COURT OF SPECIAL APPEALS OF MARYLAND
May 11, 2016
No. 0403 (Md. Ct. Spec. App. May. 11, 2016)

Opinion

No. 0403

05-11-2016

MICHAEL LYNN v. STATE OF MARYLAND


UNREPORTED

Krauser, C.J., Woodward, Salmon, James P. (Retired, Specially Assigned), JJ. Opinion by Krauser, C.J. *This is an unreported opinion, and it may not be cited in any paper, brief, motion, or other document filed in this Court or any other Maryland Court as either precedent within the rule of stare decisis or as persuasive authority. Md. Rule 1-104.

Convicted by a jury, in the Circuit Court for Montgomery County, of possession with intent to distribute marijuana, Michael Lynn, appellant, presents a single question for our review: "Did the suppression court err in denying his motion to suppress?" Finding no error, we affirm.

SUPPRESSION HEARING

Prior to his trial, appellant sought to suppress marijuana seized by police when they searched his vehicle. At the suppression hearing that ensued, testimony was presented by the State showing that, on September 23, 2014, Officer William Drew of the Montgomery County Police Department observed an individual, later identified as appellant, driving a green sedan in the Flower Hill area of Montgomery County. After running the vehicle's license plate through the Department's database, Officer Drew learned that the vehicle's registration was suspended. Then, upon running the name of the vehicle's registered owner through the Department's criminal database, the officer was informed that the owner had a criminal history. Using the owner's driver's license photograph he received, Officer Drew verified that appellant was the person currently driving the green sedan.

Appellant then parked his car and left. A few moments later, he returned to his vehicle and placed an object in the trunk of the sedan. Officer Drew radioed other police officers and instructed them to conduct a traffic stop, based on the suspension of the vehicle's registration. Then, as the responding officers were conducting the traffic stop of appellant's vehicle, Officer Drew radioed the Department's dispatcher and requested a K9 unit to respond to his location.

Officer Drew testified that he did not initiate the traffic stop because he was wearing plainclothes and driving an unmarked vehicle.

Corporal Raymond Bennett, who conducted the traffic stop of appellant, approached appellant's car window at approximately 10:02 p.m., at which time he obtained appellant's license and registration and made some preliminary inquiries. The corporal then gave appellant's license and registration to another officer, Detective Dana Way, whereupon Detective Way, after making sure his electronic ticketing system was operational, entered appellant's information into the computer, searching various databases to determine, among other things, whether appellant had any outstanding warrants. Next, the detective generated a traffic citation, which he printed, using his dashboard computer, at approximately 10:13 p.m.

By this time, the K9 unit had arrived on the scene, conducted a scan of appellant's car and alerted to appellant's trunk.

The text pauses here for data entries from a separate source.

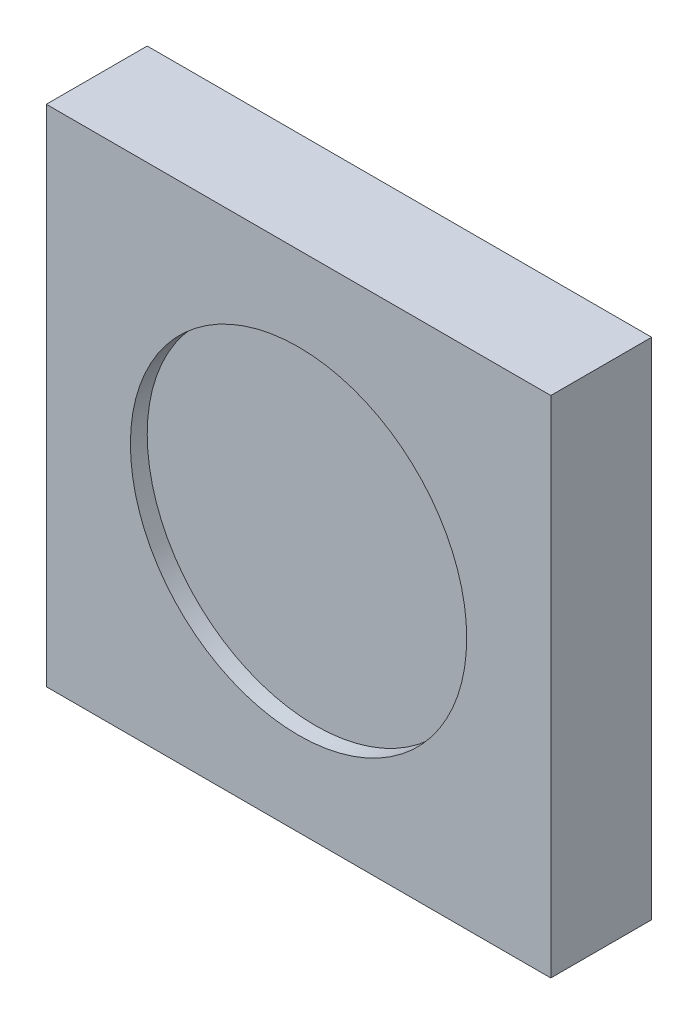
ISO-10303-21;
HEADER;
FILE_DESCRIPTION(('STEP AP214'),'2;1');
FILE_NAME('part.step','',(''),(''),'','','');
FILE_SCHEMA(('AUTOMOTIVE_DESIGN { 1 0 10303 214 1 1 1 1 }'));
ENDSEC;
DATA;
#1=APPLICATION_CONTEXT('core data for automotive mechanical design processes');
#2=APPLICATION_PROTOCOL_DEFINITION('international standard','automotive_design',2000,#1);
#3=PRODUCT_CONTEXT('',#1,'mechanical');
#4=PRODUCT('Part','Part','',(#3));
#5=PRODUCT_RELATED_PRODUCT_CATEGORY('part','',(#4));
#6=PRODUCT_DEFINITION_FORMATION('','',#4);
#7=PRODUCT_DEFINITION_CONTEXT('part definition',#1,'design');
#8=PRODUCT_DEFINITION('design','',#6,#7);
#9=PRODUCT_DEFINITION_SHAPE('','',#8);
#10=(LENGTH_UNIT() NAMED_UNIT(*) SI_UNIT(.MILLI.,.METRE.));
#11=(NAMED_UNIT(*) PLANE_ANGLE_UNIT() SI_UNIT($,.RADIAN.));
#12=(NAMED_UNIT(*) SI_UNIT($,.STERADIAN.) SOLID_ANGLE_UNIT());
#13=UNCERTAINTY_MEASURE_WITH_UNIT(LENGTH_MEASURE(1.E-05),#10,'distance_accuracy_value','');
#14=(GEOMETRIC_REPRESENTATION_CONTEXT(3) GLOBAL_UNCERTAINTY_ASSIGNED_CONTEXT((#13)) GLOBAL_UNIT_ASSIGNED_CONTEXT((#10,
#11,#12)) REPRESENTATION_CONTEXT('',''));
#15=CARTESIAN_POINT('',(0.,0.,0.));
#16=DIRECTION('',(0.,0.,1.));
#17=DIRECTION('',(1.,0.,0.));
#18=AXIS2_PLACEMENT_3D('',#15,#16,#17);
#19=CARTESIAN_POINT('',(-169.212810174458,34.7545635375068,6.));
#20=DIRECTION('',(1.,0.,0.));
#21=DIRECTION('',(0.,0.,-1.));
#22=AXIS2_PLACEMENT_3D('',#19,#20,#21);
#23=PLANE('',#22);
#24=DIRECTION('',(0.,-1.,0.));
#25=VECTOR('',#24,1.);
#26=CARTESIAN_POINT('',(-169.212810174458,34.7545635375068,0.));
#27=LINE('',#26,#25);
#28=CARTESIAN_POINT('',(-169.212810174458,34.7545635375068,0.));
#29=VERTEX_POINT('',#28);
#30=CARTESIAN_POINT('',(-169.212810174458,4.75456353750676,0.));
#31=VERTEX_POINT('',#30);
#32=EDGE_CURVE('E102',#29,#31,#27,.T.);
#33=ORIENTED_EDGE('',*,*,#32,.T.);
#34=DIRECTION('',(0.,0.,-1.));
#35=VECTOR('',#34,1.);
#36=CARTESIAN_POINT('',(-169.212810174458,4.75456353750676,6.));
#37=LINE('',#36,#35);
#38=CARTESIAN_POINT('',(-169.212810174458,4.75456353750676,6.));
#39=VERTEX_POINT('',#38);
#40=EDGE_CURVE('E11',#39,#31,#37,.T.);
#41=ORIENTED_EDGE('',*,*,#40,.F.);
#42=DIRECTION('',(0.,-1.,0.));
#43=VECTOR('',#42,1.);
#44=CARTESIAN_POINT('',(-169.212810174458,34.7545635375068,6.));
#45=LINE('',#44,#43);
#46=CARTESIAN_POINT('',(-169.212810174458,34.7545635375068,6.));
#47=VERTEX_POINT('',#46);
#48=EDGE_CURVE('E90',#47,#39,#45,.T.);
#49=ORIENTED_EDGE('',*,*,#48,.F.);
#50=DIRECTION('',(0.,0.,-1.));
#51=VECTOR('',#50,1.);
#52=CARTESIAN_POINT('',(-169.212810174458,34.7545635375068,6.));
#53=LINE('',#52,#51);
#54=EDGE_CURVE('E98',#47,#29,#53,.T.);
#55=ORIENTED_EDGE('',*,*,#54,.T.);
#56=EDGE_LOOP('',(#33,#41,#49,#55));
#57=FACE_BOUND('',#56,.T.);
#58=ADVANCED_FACE('F39',(#57),#23,.F.);
#59=CARTESIAN_POINT('',(-169.212810174458,4.75456353750676,6.));
#60=DIRECTION('',(0.,1.,0.));
#61=DIRECTION('',(0.,0.,1.));
#62=AXIS2_PLACEMENT_3D('',#59,#60,#61);
#63=PLANE('',#62);
#64=DIRECTION('',(1.,0.,0.));
#65=VECTOR('',#64,1.);
#66=CARTESIAN_POINT('',(-169.212810174458,4.75456353750676,0.));
#67=LINE('',#66,#65);
#68=CARTESIAN_POINT('',(-139.212810174458,4.75456353750676,0.));
#69=VERTEX_POINT('',#68);
#70=EDGE_CURVE('E94',#31,#69,#67,.T.);
#71=ORIENTED_EDGE('',*,*,#70,.T.);
#72=DIRECTION('',(0.,0.,-1.));
#73=VECTOR('',#72,1.);
#74=CARTESIAN_POINT('',(-139.212810174458,4.75456353750676,6.));
#75=LINE('',#74,#73);
#76=CARTESIAN_POINT('',(-139.212810174458,4.75456353750676,6.));
#77=VERTEX_POINT('',#76);
#78=EDGE_CURVE('E47',#77,#69,#75,.T.);
#79=ORIENTED_EDGE('',*,*,#78,.F.);
#80=DIRECTION('',(1.,0.,0.));
#81=VECTOR('',#80,1.);
#82=CARTESIAN_POINT('',(-169.212810174458,4.75456353750676,6.));
#83=LINE('',#82,#81);
#84=EDGE_CURVE('E85',#39,#77,#83,.T.);
#85=ORIENTED_EDGE('',*,*,#84,.F.);
#86=ORIENTED_EDGE('',*,*,#40,.T.);
#87=EDGE_LOOP('',(#71,#79,#85,#86));
#88=FACE_BOUND('',#87,.T.);
#89=ADVANCED_FACE('F93',(#88),#63,.F.);
#90=CARTESIAN_POINT('',(-139.212810174458,34.7545635375068,6.));
#91=DIRECTION('',(-1.,0.,0.));
#92=DIRECTION('',(0.,0.,1.));
#93=AXIS2_PLACEMENT_3D('',#90,#91,#92);
#94=PLANE('',#93);
#95=DIRECTION('',(0.,1.,0.));
#96=VECTOR('',#95,1.);
#97=CARTESIAN_POINT('',(-139.212810174458,34.7545635375068,0.));
#98=LINE('',#97,#96);
#99=CARTESIAN_POINT('',(-139.212810174458,34.7545635375068,0.));
#100=VERTEX_POINT('',#99);
#101=EDGE_CURVE('E72',#69,#100,#98,.T.);
#102=ORIENTED_EDGE('',*,*,#101,.T.);
#103=DIRECTION('',(0.,0.,-1.));
#104=VECTOR('',#103,1.);
#105=CARTESIAN_POINT('',(-139.212810174458,34.7545635375068,6.));
#106=LINE('',#105,#104);
#107=CARTESIAN_POINT('',(-139.212810174458,34.7545635375068,6.));
#108=VERTEX_POINT('',#107);
#109=EDGE_CURVE('E95',#108,#100,#106,.T.);
#110=ORIENTED_EDGE('',*,*,#109,.F.);
#111=DIRECTION('',(0.,1.,0.));
#112=VECTOR('',#111,1.);
#113=CARTESIAN_POINT('',(-139.212810174458,34.7545635375068,6.));
#114=LINE('',#113,#112);
#115=EDGE_CURVE('E88',#77,#108,#114,.T.);
#116=ORIENTED_EDGE('',*,*,#115,.F.);
#117=ORIENTED_EDGE('',*,*,#78,.T.);
#118=EDGE_LOOP('',(#102,#110,#116,#117));
#119=FACE_BOUND('',#118,.T.);
#120=ADVANCED_FACE('F96',(#119),#94,.F.);
#121=CARTESIAN_POINT('',(-169.212810174458,34.7545635375068,6.));
#122=DIRECTION('',(0.,-1.,0.));
#123=DIRECTION('',(0.,0.,-1.));
#124=AXIS2_PLACEMENT_3D('',#121,#122,#123);
#125=PLANE('',#124);
#126=DIRECTION('',(-1.,0.,0.));
#127=VECTOR('',#126,1.);
#128=CARTESIAN_POINT('',(-169.212810174458,34.7545635375068,0.));
#129=LINE('',#128,#127);
#130=EDGE_CURVE('E78',#100,#29,#129,.T.);
#131=ORIENTED_EDGE('',*,*,#130,.T.);
#132=ORIENTED_EDGE('',*,*,#54,.F.);
#133=DIRECTION('',(-1.,0.,0.));
#134=VECTOR('',#133,1.);
#135=CARTESIAN_POINT('',(-169.212810174458,34.7545635375068,6.));
#136=LINE('',#135,#134);
#137=EDGE_CURVE('E55',#108,#47,#136,.T.);
#138=ORIENTED_EDGE('',*,*,#137,.F.);
#139=ORIENTED_EDGE('',*,*,#109,.T.);
#140=EDGE_LOOP('',(#131,#132,#138,#139));
#141=FACE_BOUND('',#140,.T.);
#142=ADVANCED_FACE('F110',(#141),#125,.F.);
#143=CARTESIAN_POINT('',(0.,0.,6.));
#144=DIRECTION('',(0.,0.,1.));
#145=DIRECTION('',(1.,0.,0.));
#146=AXIS2_PLACEMENT_3D('',#143,#144,#145);
#147=PLANE('',#146);
#148=CARTESIAN_POINT('',(-154.212810174458,19.7545635375068,6.));
#149=DIRECTION('',(0.,0.,1.));
#150=DIRECTION('',(1.,0.,0.));
#151=AXIS2_PLACEMENT_3D('',#148,#149,#150);
#152=CIRCLE('',#151,10.);
#153=CARTESIAN_POINT('',(-144.212810174458,19.7545635375068,6.));
#154=VERTEX_POINT('',#153);
#155=EDGE_CURVE('E116',#154,#154,#152,.T.);
#156=ORIENTED_EDGE('',*,*,#155,.F.);
#157=EDGE_LOOP('',(#156));
#158=FACE_BOUND('',#157,.T.);
#159=ORIENTED_EDGE('',*,*,#48,.T.);
#160=ORIENTED_EDGE('',*,*,#84,.T.);
#161=ORIENTED_EDGE('',*,*,#115,.T.);
#162=ORIENTED_EDGE('',*,*,#137,.T.);
#163=EDGE_LOOP('',(#159,#160,#161,#162));
#164=FACE_BOUND('',#163,.T.);
#165=ADVANCED_FACE('F86',(#158,#164),#147,.T.);
#166=CARTESIAN_POINT('',(0.,0.,0.));
#167=DIRECTION('',(0.,0.,1.));
#168=DIRECTION('',(1.,0.,0.));
#169=AXIS2_PLACEMENT_3D('',#166,#167,#168);
#170=PLANE('',#169);
#171=ORIENTED_EDGE('',*,*,#32,.F.);
#172=ORIENTED_EDGE('',*,*,#130,.F.);
#173=ORIENTED_EDGE('',*,*,#101,.F.);
#174=ORIENTED_EDGE('',*,*,#70,.F.);
#175=EDGE_LOOP('',(#171,#172,#173,#174));
#176=FACE_BOUND('',#175,.T.);
#177=ADVANCED_FACE('F113',(#176),#170,.F.);
#178=CARTESIAN_POINT('',(-154.212810174458,19.7545635375068,5.));
#179=DIRECTION('',(0.,0.,1.));
#180=DIRECTION('',(1.,0.,0.));
#181=AXIS2_PLACEMENT_3D('',#178,#179,#180);
#182=CYLINDRICAL_SURFACE('',#181,10.);
#183=CARTESIAN_POINT('',(-154.212810174458,19.7545635375068,5.));
#184=DIRECTION('',(0.,0.,1.));
#185=DIRECTION('',(1.,0.,0.));
#186=AXIS2_PLACEMENT_3D('',#183,#184,#185);
#187=CIRCLE('',#186,10.);
#188=CARTESIAN_POINT('',(-144.212810174458,19.7545635375068,5.));
#189=VERTEX_POINT('',#188);
#190=EDGE_CURVE('E105',#189,#189,#187,.T.);
#191=ORIENTED_EDGE('',*,*,#190,.F.);
#192=EDGE_LOOP('',(#191));
#193=FACE_BOUND('',#192,.T.);
#194=ORIENTED_EDGE('',*,*,#155,.T.);
#195=EDGE_LOOP('',(#194));
#196=FACE_BOUND('',#195,.T.);
#197=ADVANCED_FACE('F124',(#193,#196),#182,.F.);
#198=CARTESIAN_POINT('',(-154.212810174458,19.7545635375068,5.));
#199=DIRECTION('',(0.,0.,1.));
#200=DIRECTION('',(1.,0.,0.));
#201=AXIS2_PLACEMENT_3D('',#198,#199,#200);
#202=PLANE('',#201);
#203=ORIENTED_EDGE('',*,*,#190,.T.);
#204=EDGE_LOOP('',(#203));
#205=FACE_BOUND('',#204,.T.);
#206=ADVANCED_FACE('F122',(#205),#202,.T.);
#207=CLOSED_SHELL('',(#58,#89,#120,#142,#165,#177,#197,#206));
#208=MANIFOLD_SOLID_BREP('B2',#207);
#209=ADVANCED_BREP_SHAPE_REPRESENTATION('',(#18,#208),#14);
#210=SHAPE_DEFINITION_REPRESENTATION(#9,#209);
ENDSEC;
END-ISO-10303-21;

The ensuing search of appellant's trunk revealed one-half pound of marijuana. And, by the time Detective Way got out of his vehicle with the citation, appellant had been placed under arrest.

At the conclusion of the suppression hearing, the suppression court denied appellant's motion to suppress the marijuana, stating:

This is a case where, in fact, the police, although they may have their suspicions and they may think that in fact they're going to find drugs or not find drugs that's not the point. What's the point is as long as any stop or any seizure is done lawfully that is the point, not the reason why they may have done it. In this case, there is no doubt that the stop of the vehicle and the issuing of tickets and the stopping [appellant] in order for that purpose to be done is certainly appropriate. He was driving a car, the registration was suspended....They then proceeded, they were going to give him the ticket for that....It's not an unreasonable length of time of eight minutes. In fact, it
actually took him longer than eight minutes, but the dog was already there before he had finished....There was no indication to me that he was deliberately using one finger or waiting 10 minutes in order to enter the information....And so I find that the police officers' actions in this instance did comply with the Fourth Amendment restrictions and Maryland law.

STANDARD OF REVIEW

"In reviewing the denial of a motion to suppress evidence under the Fourth Amendment, we look only to the record of the suppression hearing and do not consider any evidence adduced at trial." Daniels v. State, 172 Md. App. 75, 87 (2006). In so doing, "[w]e extend great deference to the findings of the hearing court with respect to first-level findings of fact and the credibility of witnesses unless it is shown that the court's findings are clearly erroneous." Id. "Moreover, we view those findings of fact...in the light most favorable to the State." Id. The court's legal conclusions, on the other hand, are reviewed de novo, and, accordingly, we make "our own independent constitutional evaluation as to whether the officers' encounter with appellant was lawful." Id.

DISCUSSION

Appellant contends that the officers' detainment of appellant until the arrival of the K9 was a violation of his Fourth Amendment rights. Specifically, he maintains that the officers, who initiated the stop, delayed issuing a citation to give the K9 unit more time to arrive and conduct a scan of appellant's vehicle. To justify such a delay, the police needed, appellant claims, either his consent or an additional articulable suspicion of criminal activity by appellant. Because the police, in his view, had neither, the search and seizure, asserts appellant, was illegal and the marijuana should have been suppressed. We disagree.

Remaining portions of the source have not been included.